Fondamentalement, les tensions entre économie et écologie sont liées à la confrontation entre deux conceptions de la nature et de l’homme. Dans les pays occidentaux, l’homme est majoritairement considéré comme séparé de la nature et supérieur à elle. Du point de vue de l’entreprise, la nature est alors réduite à sa fonction de « ressource ». L’entreprise cherche à l’optimiser, à la gérer et à la standardiser (l’homme a aussi tendance à être considéré comme une « ressource » humaine). Pour cela, elle privilégie une organisation de type « fonctionnaliste », c’est-à-dire une structure pyramidale, optimisée par des procédés industriels et orientée vers une finalité économique et des enjeux de réputation. La RSE constitue alors une stratégie visant entre autres à protéger et prendre soin de la nature, conçue comme une entité séparée de l’homme, afin que les questions écologiques ne représentent pas un risque mais une opportunité pour la compétitivité de l’entreprise.

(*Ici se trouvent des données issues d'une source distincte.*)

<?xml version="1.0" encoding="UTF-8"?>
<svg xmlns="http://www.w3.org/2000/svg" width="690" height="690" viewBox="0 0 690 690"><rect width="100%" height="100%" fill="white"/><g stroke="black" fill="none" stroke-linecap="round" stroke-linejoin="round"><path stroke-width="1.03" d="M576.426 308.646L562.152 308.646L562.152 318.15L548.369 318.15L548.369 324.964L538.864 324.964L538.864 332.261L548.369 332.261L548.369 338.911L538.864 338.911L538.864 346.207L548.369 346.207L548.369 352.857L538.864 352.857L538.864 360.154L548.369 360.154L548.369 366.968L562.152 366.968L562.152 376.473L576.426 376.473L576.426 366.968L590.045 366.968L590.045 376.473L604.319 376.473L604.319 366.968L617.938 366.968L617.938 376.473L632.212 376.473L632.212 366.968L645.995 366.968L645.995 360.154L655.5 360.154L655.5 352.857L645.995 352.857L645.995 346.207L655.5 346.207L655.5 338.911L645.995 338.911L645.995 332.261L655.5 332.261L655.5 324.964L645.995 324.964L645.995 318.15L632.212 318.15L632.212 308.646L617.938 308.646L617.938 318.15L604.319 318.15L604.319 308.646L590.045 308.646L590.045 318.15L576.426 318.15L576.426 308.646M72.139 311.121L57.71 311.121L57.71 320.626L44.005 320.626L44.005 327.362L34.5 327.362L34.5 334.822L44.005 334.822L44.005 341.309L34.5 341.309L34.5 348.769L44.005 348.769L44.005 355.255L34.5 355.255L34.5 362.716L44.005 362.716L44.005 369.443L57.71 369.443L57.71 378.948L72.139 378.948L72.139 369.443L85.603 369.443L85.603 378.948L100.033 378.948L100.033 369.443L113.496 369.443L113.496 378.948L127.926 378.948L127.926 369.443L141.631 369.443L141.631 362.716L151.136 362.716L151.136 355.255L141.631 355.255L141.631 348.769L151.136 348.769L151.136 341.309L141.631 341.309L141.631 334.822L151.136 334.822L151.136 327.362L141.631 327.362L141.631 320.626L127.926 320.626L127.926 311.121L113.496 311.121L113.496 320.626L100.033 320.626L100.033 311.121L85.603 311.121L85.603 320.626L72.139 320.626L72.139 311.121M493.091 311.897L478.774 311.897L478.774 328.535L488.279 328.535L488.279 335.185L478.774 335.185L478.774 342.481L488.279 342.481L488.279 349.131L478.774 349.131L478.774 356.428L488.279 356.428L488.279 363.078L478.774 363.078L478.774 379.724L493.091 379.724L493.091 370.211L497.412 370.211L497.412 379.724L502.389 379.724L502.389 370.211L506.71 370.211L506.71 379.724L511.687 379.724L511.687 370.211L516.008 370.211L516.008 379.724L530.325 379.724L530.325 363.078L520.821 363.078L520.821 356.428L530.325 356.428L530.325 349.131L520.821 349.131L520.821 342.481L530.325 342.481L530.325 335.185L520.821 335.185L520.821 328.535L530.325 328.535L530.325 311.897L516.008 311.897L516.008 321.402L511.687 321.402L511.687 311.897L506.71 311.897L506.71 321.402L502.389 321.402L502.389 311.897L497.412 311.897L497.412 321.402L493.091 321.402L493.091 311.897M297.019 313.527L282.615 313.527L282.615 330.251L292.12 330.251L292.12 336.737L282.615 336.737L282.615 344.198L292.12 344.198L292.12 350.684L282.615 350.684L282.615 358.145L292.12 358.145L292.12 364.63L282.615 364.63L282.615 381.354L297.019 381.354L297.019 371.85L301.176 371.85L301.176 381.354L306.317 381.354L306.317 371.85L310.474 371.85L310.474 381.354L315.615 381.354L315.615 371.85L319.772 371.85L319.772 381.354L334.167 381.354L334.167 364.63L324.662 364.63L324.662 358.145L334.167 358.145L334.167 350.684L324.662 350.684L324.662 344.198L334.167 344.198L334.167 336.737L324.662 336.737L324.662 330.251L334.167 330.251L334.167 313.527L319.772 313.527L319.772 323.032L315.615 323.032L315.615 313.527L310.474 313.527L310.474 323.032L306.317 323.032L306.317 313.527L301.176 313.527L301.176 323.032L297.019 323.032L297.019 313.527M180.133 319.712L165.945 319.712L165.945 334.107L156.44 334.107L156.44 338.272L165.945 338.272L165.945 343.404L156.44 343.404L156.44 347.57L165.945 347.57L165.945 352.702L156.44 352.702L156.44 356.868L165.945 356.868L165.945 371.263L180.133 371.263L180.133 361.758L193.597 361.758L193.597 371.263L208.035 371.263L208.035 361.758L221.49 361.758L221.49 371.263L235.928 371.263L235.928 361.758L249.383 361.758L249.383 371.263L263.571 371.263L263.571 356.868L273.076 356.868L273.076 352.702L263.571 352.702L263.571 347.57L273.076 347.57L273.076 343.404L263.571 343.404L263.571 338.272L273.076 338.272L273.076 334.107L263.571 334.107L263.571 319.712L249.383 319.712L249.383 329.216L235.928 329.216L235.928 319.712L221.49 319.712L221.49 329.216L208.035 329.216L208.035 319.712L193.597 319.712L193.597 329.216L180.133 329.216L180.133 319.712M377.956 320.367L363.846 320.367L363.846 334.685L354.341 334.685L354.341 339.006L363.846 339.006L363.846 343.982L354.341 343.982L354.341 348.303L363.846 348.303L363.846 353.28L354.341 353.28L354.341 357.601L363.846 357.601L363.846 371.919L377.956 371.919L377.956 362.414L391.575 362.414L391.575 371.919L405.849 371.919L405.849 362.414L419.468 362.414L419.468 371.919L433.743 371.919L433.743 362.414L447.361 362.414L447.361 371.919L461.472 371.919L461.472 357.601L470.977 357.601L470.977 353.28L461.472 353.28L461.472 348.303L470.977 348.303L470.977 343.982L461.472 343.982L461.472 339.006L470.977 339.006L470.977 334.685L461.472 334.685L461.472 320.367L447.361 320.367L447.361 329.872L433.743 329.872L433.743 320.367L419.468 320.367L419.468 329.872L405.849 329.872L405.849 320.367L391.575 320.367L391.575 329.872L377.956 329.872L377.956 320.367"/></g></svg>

La biodynamie, comme d’autres mouvements écologiques, propose une autre façon de concevoir la nature et l’homme. Pour ses partisans, l’homme appartient à la nature, qui est un écosystème mettant en lien des entités vivantes. La nature est « vivante » donc variable. L’entreprise doit s’organiser de façon à s’adapter à ses variations, et donc inclure la singularité et la diversité des êtres vivants (dont l’homme), nécessaires à l’équilibre écologique. L’organisation de type « écologique » privilégie une structure systémique en réseau, non hiérarchisée, où la singularité de chacun oriente l’entreprise, où la stratégie est par conséquent évolutive. La RSE n’est alors pas une stratégie particulière de l’entreprise mais devient sa finalité et l’économique redevient un outil au service de cette finalité. L’entreprise « écologique » remet alors en question l’impératif de croissance (développement par essaimage) et les rapports concurrentiels (coopération et intelligence collective). Notre recherche présente les outils, les modalités d’organisation et les conditions d’émergence d’une telle entreprise. Ces deux modèles d’organisation, fonctionnaliste et écologique, peuvent être considérés comme deux idéaux-types, entre lesquels il existe une multitude d’organisations hybrides, souvent en tension.

Finalement, la question écologique n’est pas fondamentalement une question éthique, qui consisterait à se demander comment mieux respecter la nature. Elle est « ontologique » puisqu’elle interroge notre définition de la nature et de l’homme. L’anthropologue Philippe Descola a montré que la représentation occidentale de la nature n’est ni universelle ni la plus répandue. D’après cette recherche, la crise écologique actuelle serait le symptôme de la remise en question du dualisme nature-culture en Occident. Elle ne proviendrait pas simplement d’une indignation face à des scandales écologiques, mais elle naitrait aussi de l’expérience vécue d’une relation à la nature, où l’homme se reconnaît lui-même dans ce qui le fait homme : un être de la nature.

Claire-Isabelle Roquebert travaille à l’Université de Lausanne où elle mène une analyse historique du mouvement de la biodynamie en Suisse, afin d’analyser comment ses partisans critiquent et transforment les institutions, notamment le rapport à la scientificité.